**YOUR OBJECTIVE**
Print exactly the lines below between the line containing "#15080 = DIRECTION" and the line containing "[diagram: CAD part, four", counting both of those lines. Leave pictures out.

**DATASET EXCERPTS**
^^^^^^^^

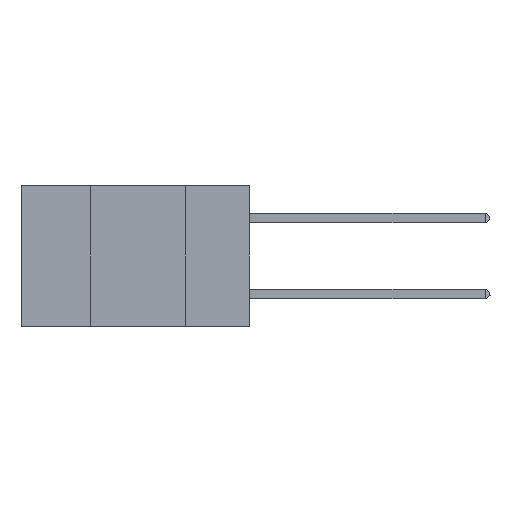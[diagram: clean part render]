
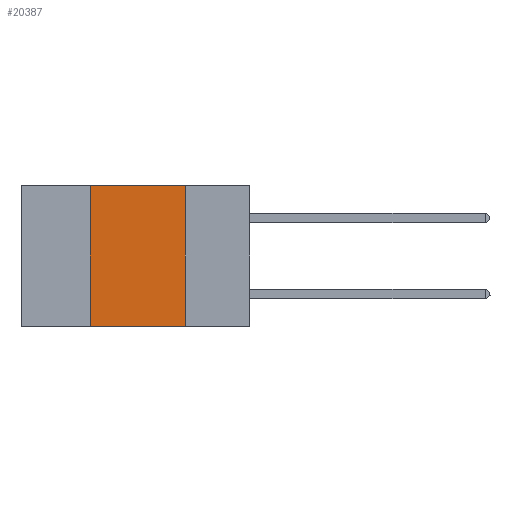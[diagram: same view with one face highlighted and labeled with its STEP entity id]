
A CAD part, left-side view. The second image highlights one B-rep face of the part: STEP entity #20387.
In plain terms, the highlighted planar face has unit normal (-1, 0, 0).
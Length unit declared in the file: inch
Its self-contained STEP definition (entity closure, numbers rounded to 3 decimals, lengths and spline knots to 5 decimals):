
#187 = EDGE_CURVE ( 'NONE', #9391, #21772, #16927, .T. ) ;
#1583 = LINE ( 'NONE', #18462, #14040 ) ;
#1863 = VECTOR ( 'NONE', #13137, 39.37008 ) ;
#4333 = CARTESIAN_POINT ( 'NONE',  ( 0., 0.17, 0. ) ) ;
#6382 = DIRECTION ( 'NONE',  ( 1., 0., 0. ) ) ;
#6555 = VECTOR ( 'NONE', #14581, 39.37008 ) ;
#7797 = PLANE ( 'NONE',  #15382 ) ;
#7846 = CARTESIAN_POINT ( 'NONE',  ( 0., 0.17, 0. ) ) ;
#7977 = LINE ( 'NONE', #10764, #19960 ) ;
#8034 = ORIENTED_EDGE ( 'NONE', *, *, #187, .F. ) ;
#8209 = FACE_OUTER_BOUND ( 'NONE', #20781, .T. ) ;
#9391 = VERTEX_POINT ( 'NONE', #4333 ) ;
#9821 = LINE ( 'NONE', #11606, #1863 ) ;
#10764 = CARTESIAN_POINT ( 'NONE',  ( 0., 0.6, 0. ) ) ;
#11606 = CARTESIAN_POINT ( 'NONE',  ( 0., 0.42, 0. ) ) ;
#11950 = EDGE_CURVE ( 'NONE', #13013, #19599, #9821, .T. ) ;
#11963 = DIRECTION ( 'NONE',  ( 0., 0., -1. ) ) ;
#12553 = CARTESIAN_POINT ( 'NONE',  ( 0., 0.17, -0.37 ) ) ;
#13013 = VERTEX_POINT ( 'NONE', #18315 ) ;
#13137 = DIRECTION ( 'NONE',  ( 0., 0., 1. ) ) ;
#13796 = DIRECTION ( 'NONE',  ( 0., -1., 0. ) ) ;
#14040 = VECTOR ( 'NONE', #21825, 39.37008 ) ;
#14581 = DIRECTION ( 'NONE',  ( 0., 0., -1. ) ) ;
#15382 = AXIS2_PLACEMENT_3D ( 'NONE', #18082, #6382, #11963 ) ;
#15539 = EDGE_CURVE ( 'NONE', #19599, #9391, #7977, .T. ) ;
#16927 = LINE ( 'NONE', #7846, #6555 ) ;
#17092 = ORIENTED_EDGE ( 'NONE', *, *, #19853, .T. ) ;
#17501 = CARTESIAN_POINT ( 'NONE',  ( 0., 0.42, 0. ) ) ;
#18082 = CARTESIAN_POINT ( 'NONE',  ( 0., 0.6, 0. ) ) ;
#18315 = CARTESIAN_POINT ( 'NONE',  ( 0., 0.42, -0.37 ) ) ;
#18462 = CARTESIAN_POINT ( 'NONE',  ( 0., 0.6, -0.37 ) ) ;
#19599 = VERTEX_POINT ( 'NONE', #17501 ) ;
#19853 = EDGE_CURVE ( 'NONE', #13013, #21772, #1583, .T. ) ;
#19960 = VECTOR ( 'NONE', #13796, 39.37008 ) ;
#20387 = ADVANCED_FACE ( 'NONE', ( #8209 ), #7797, .F. ) ;
#20781 = EDGE_LOOP ( 'NONE', ( #8034, #21762, #21000, #17092 ) ) ;
#21000 = ORIENTED_EDGE ( 'NONE', *, *, #11950, .F. ) ;
#21762 = ORIENTED_EDGE ( 'NONE', *, *, #15539, .F. ) ;
#21772 = VERTEX_POINT ( 'NONE', #12553 ) ;
#21825 = DIRECTION ( 'NONE',  ( 0., -1., 0. ) ) ;
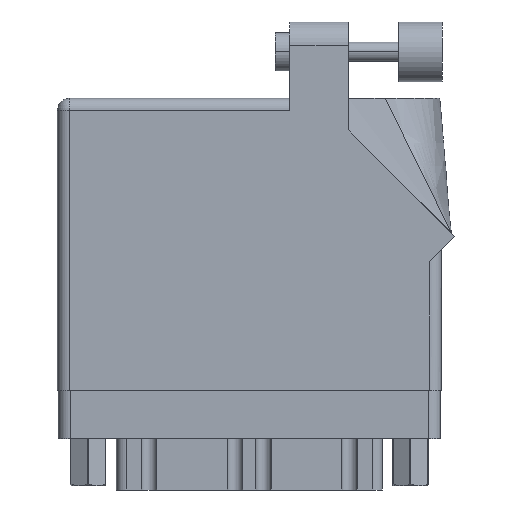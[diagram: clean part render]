
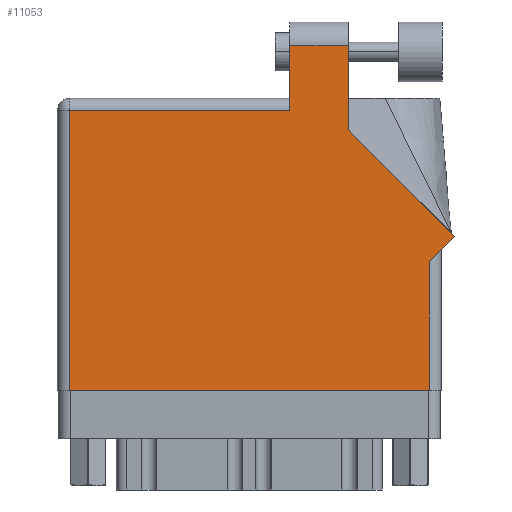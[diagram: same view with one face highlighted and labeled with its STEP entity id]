
A CAD part, front view. The second image highlights one B-rep face of the part: STEP entity #11053.
In plain terms, the highlighted face is planar.
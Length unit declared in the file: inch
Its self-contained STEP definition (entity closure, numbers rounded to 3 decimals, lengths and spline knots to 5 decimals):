
#1179 = DIRECTION ( 'NONE',  ( 0., 0., -1. ) ) ;
#1926 = CARTESIAN_POINT ( 'NONE',  ( 1.948, 0.737, 0. ) ) ;
#2622 = ORIENTED_EDGE ( 'NONE', *, *, #38110, .T. ) ;
#3413 = CARTESIAN_POINT ( 'NONE',  ( 1.217, 1.468, 0. ) ) ;
#4000 = VECTOR ( 'NONE', #31091, 39.37008 ) ;
#4258 = CARTESIAN_POINT ( 'NONE',  ( 1.524, 1.805, 0. ) ) ;
#5088 = CARTESIAN_POINT ( 'NONE',  ( 1.524, 1.36442, 0. ) ) ;
#5491 = DIRECTION ( 'NONE',  ( -1., 0., 0. ) ) ;
#5646 = LINE ( 'NONE', #34915, #16082 ) ;
#5688 = CARTESIAN_POINT ( 'NONE',  ( 0.062, 0., 0. ) ) ;
#5722 = CARTESIAN_POINT ( 'NONE',  ( 0., 1.53, 0. ) ) ;
#6295 = CARTESIAN_POINT ( 'NONE',  ( 0., 0., 0. ) ) ;
#8013 = VERTEX_POINT ( 'NONE', #4258 ) ;
#8214 = VERTEX_POINT ( 'NONE', #31154 ) ;
#8746 = EDGE_CURVE ( 'NONE', #8214, #27441, #38026, .T. ) ;
#8765 = VECTOR ( 'NONE', #15092, 39.37008 ) ;
#9254 = EDGE_CURVE ( 'NONE', #36244, #32642, #19954, .T. ) ;
#10814 = VECTOR ( 'NONE', #13009, 39.37008 ) ;
#11053 = ADVANCED_FACE ( 'NONE', ( #38109 ), #34758, .F. ) ;
#11490 = LINE ( 'NONE', #40515, #8765 ) ;
#12174 = VECTOR ( 'NONE', #20946, 39.37008 ) ;
#12324 = LINE ( 'NONE', #26969, #41813 ) ;
#12794 = LINE ( 'NONE', #16399, #16497 ) ;
#13009 = DIRECTION ( 'NONE',  ( 0., -1., 0. ) ) ;
#13886 = VERTEX_POINT ( 'NONE', #3413 ) ;
#15092 = DIRECTION ( 'NONE',  ( 0.707, 0.707, 0. ) ) ;
#16082 = VECTOR ( 'NONE', #19355, 39.37008 ) ;
#16399 = CARTESIAN_POINT ( 'NONE',  ( 1.524, 1.36442, 0. ) ) ;
#16497 = VECTOR ( 'NONE', #27431, 39.37008 ) ;
#16624 = CARTESIAN_POINT ( 'NONE',  ( 1.217, 1.53, 0. ) ) ;
#19355 = DIRECTION ( 'NONE',  ( 0., -1., 0. ) ) ;
#19828 = DIRECTION ( 'NONE',  ( -0.707, 0.707, 0. ) ) ;
#19954 = LINE ( 'NONE', #1926, #24688 ) ;
#20153 = EDGE_CURVE ( 'NONE', #32642, #8214, #11490, .T. ) ;
#20946 = DIRECTION ( 'NONE',  ( 1., 0., 0. ) ) ;
#22439 = ORIENTED_EDGE ( 'NONE', *, *, #9254, .T. ) ;
#23570 = LINE ( 'NONE', #16624, #10814 ) ;
#23759 = CARTESIAN_POINT ( 'NONE',  ( 1.217, 1.805, 0. ) ) ;
#23855 = ORIENTED_EDGE ( 'NONE', *, *, #31778, .T. ) ;
#24537 = LINE ( 'NONE', #6295, #12174 ) ;
#24688 = VECTOR ( 'NONE', #30265, 39.37008 ) ;
#25841 = CARTESIAN_POINT ( 'NONE',  ( 1.217, 1.805, 0. ) ) ;
#26209 = EDGE_LOOP ( 'NONE', ( #33355, #46630, #23855, #2622, #30061, #40931, #22439, #38464, #26375 ) ) ;
#26375 = ORIENTED_EDGE ( 'NONE', *, *, #8746, .T. ) ;
#26969 = CARTESIAN_POINT ( 'NONE',  ( 0., 1.468, 0. ) ) ;
#27431 = DIRECTION ( 'NONE',  ( 0., 1., 0. ) ) ;
#27441 = VERTEX_POINT ( 'NONE', #5088 ) ;
#27660 = EDGE_CURVE ( 'NONE', #41545, #36244, #24537, .T. ) ;
#29207 = LINE ( 'NONE', #25841, #4000 ) ;
#29898 = CARTESIAN_POINT ( 'NONE',  ( 1.948, 0., 0. ) ) ;
#30061 = ORIENTED_EDGE ( 'NONE', *, *, #45034, .T. ) ;
#30265 = DIRECTION ( 'NONE',  ( 0., 1., 0. ) ) ;
#31091 = DIRECTION ( 'NONE',  ( -1., 0., 0. ) ) ;
#31154 = CARTESIAN_POINT ( 'NONE',  ( 2.08071, 0.80771, 0. ) ) ;
#31778 = EDGE_CURVE ( 'NONE', #32224, #13886, #23570, .T. ) ;
#32224 = VERTEX_POINT ( 'NONE', #23759 ) ;
#32591 = VERTEX_POINT ( 'NONE', #43628 ) ;
#32642 = VERTEX_POINT ( 'NONE', #37108 ) ;
#33035 = VECTOR ( 'NONE', #19828, 39.37008 ) ;
#33355 = ORIENTED_EDGE ( 'NONE', *, *, #37937, .T. ) ;
#34381 = EDGE_CURVE ( 'NONE', #8013, #32224, #29207, .T. ) ;
#34758 = PLANE ( 'NONE',  #37225 ) ;
#34915 = CARTESIAN_POINT ( 'NONE',  ( 0.062, 0., 0. ) ) ;
#36244 = VERTEX_POINT ( 'NONE', #29898 ) ;
#37108 = CARTESIAN_POINT ( 'NONE',  ( 1.948, 0.675, 0. ) ) ;
#37225 = AXIS2_PLACEMENT_3D ( 'NONE', #5722, #1179, #5491 ) ;
#37937 = EDGE_CURVE ( 'NONE', #27441, #8013, #12794, .T. ) ;
#38026 = LINE ( 'NONE', #42342, #33035 ) ;
#38110 = EDGE_CURVE ( 'NONE', #13886, #32591, #12324, .T. ) ;
#38109 = FACE_OUTER_BOUND ( 'NONE', #26209, .T. ) ;
#38464 = ORIENTED_EDGE ( 'NONE', *, *, #20153, .T. ) ;
#39150 = DIRECTION ( 'NONE',  ( -1., 0., 0. ) ) ;
#40515 = CARTESIAN_POINT ( 'NONE',  ( 2.01, 0.737, 0. ) ) ;
#40931 = ORIENTED_EDGE ( 'NONE', *, *, #27660, .T. ) ;
#41545 = VERTEX_POINT ( 'NONE', #5688 ) ;
#41813 = VECTOR ( 'NONE', #39150, 39.37008 ) ;
#42342 = CARTESIAN_POINT ( 'NONE',  ( 2.08071, 0.80771, 0. ) ) ;
#43628 = CARTESIAN_POINT ( 'NONE',  ( 0.062, 1.468, 0. ) ) ;
#45034 = EDGE_CURVE ( 'NONE', #32591, #41545, #5646, .T. ) ;
#46630 = ORIENTED_EDGE ( 'NONE', *, *, #34381, .T. ) ;
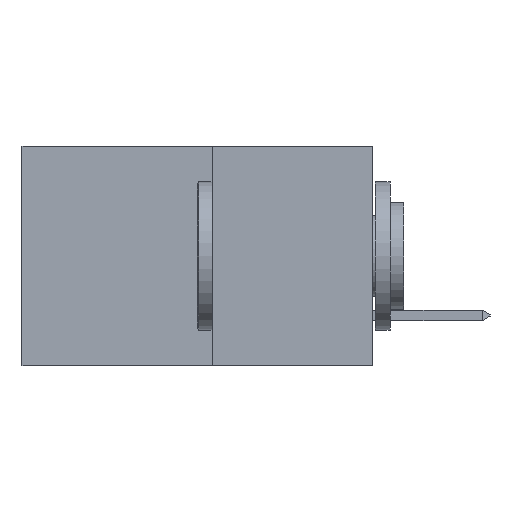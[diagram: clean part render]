
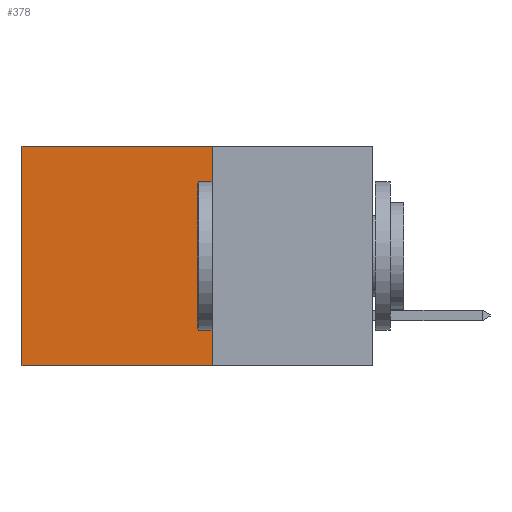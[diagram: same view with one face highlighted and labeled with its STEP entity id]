
A CAD part, left-side view. The second image highlights one B-rep face of the part: STEP entity #378.
In plain terms, the highlighted planar face has unit normal (-1, 0, 0).
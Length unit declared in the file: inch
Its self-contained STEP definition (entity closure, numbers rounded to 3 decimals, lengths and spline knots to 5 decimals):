
#117 = PLANE ( 'NONE',  #1835 ) ;
#378 = ADVANCED_FACE ( 'NONE', ( #8768 ), #117, .F. ) ;
#1002 = DIRECTION ( 'NONE',  ( 0., 0., -1. ) ) ;
#1046 = CARTESIAN_POINT ( 'NONE',  ( 0.277, 0.27, 0. ) ) ;
#1054 = ORIENTED_EDGE ( 'NONE', *, *, #6166, .T. ) ;
#1159 = EDGE_CURVE ( 'NONE', #4624, #12794, #10622, .T. ) ;
#1835 = AXIS2_PLACEMENT_3D ( 'NONE', #11301, #17408, #1002 ) ;
#2432 = VECTOR ( 'NONE', #4994, 39.37008 ) ;
#3655 = ORIENTED_EDGE ( 'NONE', *, *, #6118, .F. ) ;
#4624 = VERTEX_POINT ( 'NONE', #14926 ) ;
#4994 = DIRECTION ( 'NONE',  ( 0., 0., -1. ) ) ;
#5509 = CARTESIAN_POINT ( 'NONE',  ( 0.277, 0.27, -0.37 ) ) ;
#5962 = CARTESIAN_POINT ( 'NONE',  ( 0.277, 0.59, -0.37 ) ) ;
#6118 = EDGE_CURVE ( 'NONE', #8723, #12794, #17666, .T. ) ;
#6149 = VECTOR ( 'NONE', #7865, 39.37008 ) ;
#6166 = EDGE_CURVE ( 'NONE', #10877, #4624, #16747, .T. ) ;
#7865 = DIRECTION ( 'NONE',  ( 0., 0., -1. ) ) ;
#8723 = VERTEX_POINT ( 'NONE', #16188 ) ;
#8768 = FACE_OUTER_BOUND ( 'NONE', #16008, .T. ) ;
#9581 = LINE ( 'NONE', #14029, #2432 ) ;
#10065 = DIRECTION ( 'NONE',  ( 0., 1., 0. ) ) ;
#10622 = LINE ( 'NONE', #5962, #6149 ) ;
#10877 = VERTEX_POINT ( 'NONE', #12855 ) ;
#11301 = CARTESIAN_POINT ( 'NONE',  ( 0.277, 0.27, -0.37 ) ) ;
#12188 = ORIENTED_EDGE ( 'NONE', *, *, #18985, .F. ) ;
#12730 = VECTOR ( 'NONE', #13167, 39.37008 ) ;
#12794 = VERTEX_POINT ( 'NONE', #16616 ) ;
#12855 = CARTESIAN_POINT ( 'NONE',  ( 0.277, 0.27, 0. ) ) ;
#13167 = DIRECTION ( 'NONE',  ( 0., 1., 0. ) ) ;
#13679 = VECTOR ( 'NONE', #10065, 39.37008 ) ;
#14029 = CARTESIAN_POINT ( 'NONE',  ( 0.277, 0.27, -0.37 ) ) ;
#14926 = CARTESIAN_POINT ( 'NONE',  ( 0.277, 0.59, 0. ) ) ;
#15289 = ORIENTED_EDGE ( 'NONE', *, *, #1159, .T. ) ;
#16008 = EDGE_LOOP ( 'NONE', ( #15289, #3655, #12188, #1054 ) ) ;
#16188 = CARTESIAN_POINT ( 'NONE',  ( 0.277, 0.27, -0.37 ) ) ;
#16616 = CARTESIAN_POINT ( 'NONE',  ( 0.277, 0.59, -0.37 ) ) ;
#16747 = LINE ( 'NONE', #1046, #12730 ) ;
#17408 = DIRECTION ( 'NONE',  ( 1., 0., 0. ) ) ;
#17666 = LINE ( 'NONE', #5509, #13679 ) ;
#18985 = EDGE_CURVE ( 'NONE', #10877, #8723, #9581, .T. ) ;
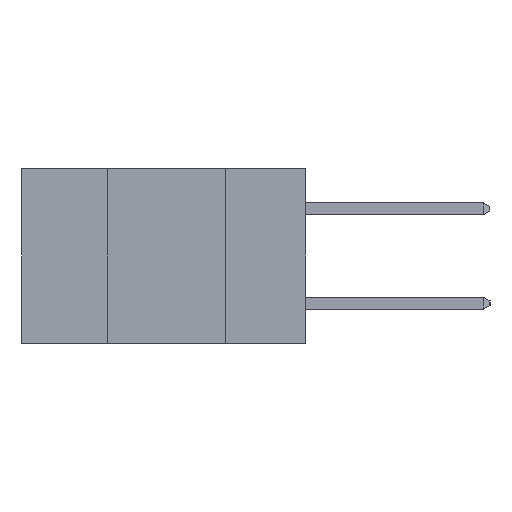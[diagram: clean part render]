
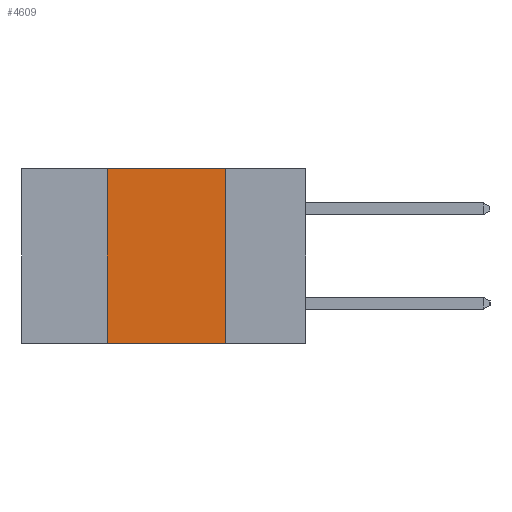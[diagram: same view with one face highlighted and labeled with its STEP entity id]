
A CAD part, left-side view. The second image highlights one B-rep face of the part: STEP entity #4609.
In plain terms, the highlighted planar face has unit normal (-1, 0, 0).
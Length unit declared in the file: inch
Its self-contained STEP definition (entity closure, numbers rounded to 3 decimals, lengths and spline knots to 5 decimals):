
#652 = DIRECTION ( 'NONE',  ( 0., -1., 0. ) ) ;
#805 = VECTOR ( 'NONE', #652, 39.37008 ) ;
#1482 = CARTESIAN_POINT ( 'NONE',  ( 0., 0.42, -0.37 ) ) ;
#1682 = VECTOR ( 'NONE', #14644, 39.37008 ) ;
#4322 = ORIENTED_EDGE ( 'NONE', *, *, #8999, .F. ) ;
#4609 = ADVANCED_FACE ( 'NONE', ( #6214 ), #9870, .F. ) ;
#5318 = LINE ( 'NONE', #13838, #805 ) ;
#5626 = EDGE_CURVE ( 'NONE', #5930, #16986, #20087, .T. ) ;
#5930 = VERTEX_POINT ( 'NONE', #12626 ) ;
#6214 = FACE_OUTER_BOUND ( 'NONE', #10781, .T. ) ;
#6602 = ORIENTED_EDGE ( 'NONE', *, *, #11107, .T. ) ;
#7385 = VECTOR ( 'NONE', #15080, 39.37008 ) ;
#7752 = ORIENTED_EDGE ( 'NONE', *, *, #5626, .F. ) ;
#8999 = EDGE_CURVE ( 'NONE', #17703, #5930, #10541, .T. ) ;
#9527 = DIRECTION ( 'NONE',  ( 1., 0., 0. ) ) ;
#9698 = DIRECTION ( 'NONE',  ( 0., 0., -1. ) ) ;
#9870 = PLANE ( 'NONE',  #14585 ) ;
#10015 = ORIENTED_EDGE ( 'NONE', *, *, #16473, .F. ) ;
#10120 = CARTESIAN_POINT ( 'NONE',  ( 0., 0.6, 0. ) ) ;
#10526 = VERTEX_POINT ( 'NONE', #15147 ) ;
#10541 = LINE ( 'NONE', #11433, #1682 ) ;
#10781 = EDGE_LOOP ( 'NONE', ( #7752, #4322, #10015, #6602 ) ) ;
#11107 = EDGE_CURVE ( 'NONE', #10526, #16986, #5318, .T. ) ;
#11400 = DIRECTION ( 'NONE',  ( 0., 0., 1. ) ) ;
#11401 = CARTESIAN_POINT ( 'NONE',  ( 0., 0.42, 0. ) ) ;
#11433 = CARTESIAN_POINT ( 'NONE',  ( 0., 0.6, 0. ) ) ;
#11652 = VECTOR ( 'NONE', #11400, 39.37008 ) ;
#12626 = CARTESIAN_POINT ( 'NONE',  ( 0., 0.17, 0. ) ) ;
#13838 = CARTESIAN_POINT ( 'NONE',  ( 0., 0.6, -0.37 ) ) ;
#14585 = AXIS2_PLACEMENT_3D ( 'NONE', #10120, #9527, #9698 ) ;
#14644 = DIRECTION ( 'NONE',  ( 0., -1., 0. ) ) ;
#15080 = DIRECTION ( 'NONE',  ( 0., 0., -1. ) ) ;
#15147 = CARTESIAN_POINT ( 'NONE',  ( 0., 0.42, -0.37 ) ) ;
#15243 = CARTESIAN_POINT ( 'NONE',  ( 0., 0.17, -0.37 ) ) ;
#15881 = LINE ( 'NONE', #1482, #11652 ) ;
#16473 = EDGE_CURVE ( 'NONE', #10526, #17703, #15881, .T. ) ;
#16986 = VERTEX_POINT ( 'NONE', #19209 ) ;
#17703 = VERTEX_POINT ( 'NONE', #11401 ) ;
#19209 = CARTESIAN_POINT ( 'NONE',  ( 0., 0.17, -0.37 ) ) ;
#20087 = LINE ( 'NONE', #15243, #7385 ) ;
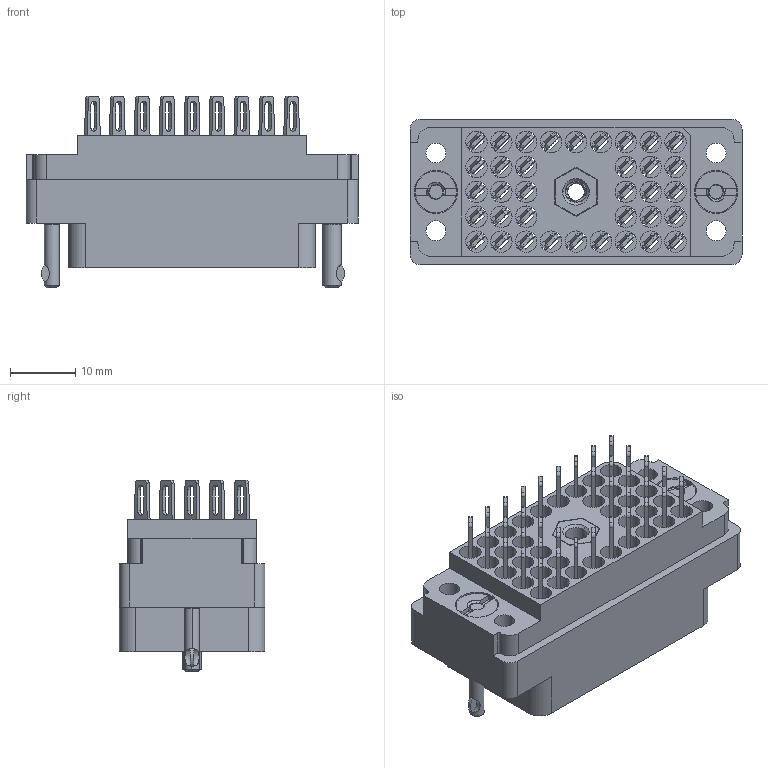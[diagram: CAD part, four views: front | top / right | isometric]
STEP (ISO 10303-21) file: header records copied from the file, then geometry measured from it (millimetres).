
FILE_DESCRIPTION (( 'STEP AP203' ), '1' );
FILE_NAME ('519-036-500-302.STEP', '2020-03-11T16:07:06', ( '' ), ( '' ), 'SwSTEP 2.0', 'SolidWorks 2016', '' );
FILE_SCHEMA (( 'CONFIG_CONTROL_DESIGN' ));
Length unit declared in the file: inch
Products named in the file (7): 516-222-038-102_039; 519-036-500-302; 516-222-038-102_038; 516-252-021-102_038; 516-252-035-100_516-252-035-100; 519 Plug Insulator_036; 516-292-001_500 Contact
Assembly tree (42 placements, depth 2):
  519-036-500-302
    519 Plug Insulator_036
    516-292-001_500 Contact  x36
    516-252-035-100_516-252-035-100
    516-252-021-102_038  x2
    516-222-038-102_038
    516-222-038-102_039
Bounding box: 50.8 x 22.25 x 29.36 mm (x, y, z)
Volume: 10859.3 mm3; surface area: 19061.8 mm2
Topology: 42 solids, 42 shells, 3828 faces, 11031 edges, 7310 vertices
Faces by surface type: plane 2218, cylinder 1302, bspline 258, cone 46, torus 4
Entity records: 45814 total; most frequent: CARTESIAN_POINT 14095, ORIENTED_EDGE 6482, DIRECTION 6081, EDGE_CURVE 3241, VECTOR 2169, LINE 2169, VERTEX_POINT 2140, AXIS2_PLACEMENT_3D 1956

^^^^^^^^

**COMPLETED TASK**
#15080 = DIRECTION ( 'NONE',  ( 0., 0., -1. ) ) ;
#15147 = CARTESIAN_POINT ( 'NONE',  ( 0., 0.42, -0.37 ) ) ;
#15243 = CARTESIAN_POINT ( 'NONE',  ( 0., 0.17, -0.37 ) ) ;
#15881 = LINE ( 'NONE', #1482, #11652 ) ;
#16473 = EDGE_CURVE ( 'NONE', #10526, #17703, #15881, .T. ) ;
#16986 = VERTEX_POINT ( 'NONE', #19209 ) ;
#17703 = VERTEX_POINT ( 'NONE', #11401 ) ;
#19209 = CARTESIAN_POINT ( 'NONE',  ( 0., 0.17, -0.37 ) ) ;
#20087 = LINE ( 'NONE', #15243, #7385 ) ;
[diagram: CAD part, four views: front | top / right | isometric]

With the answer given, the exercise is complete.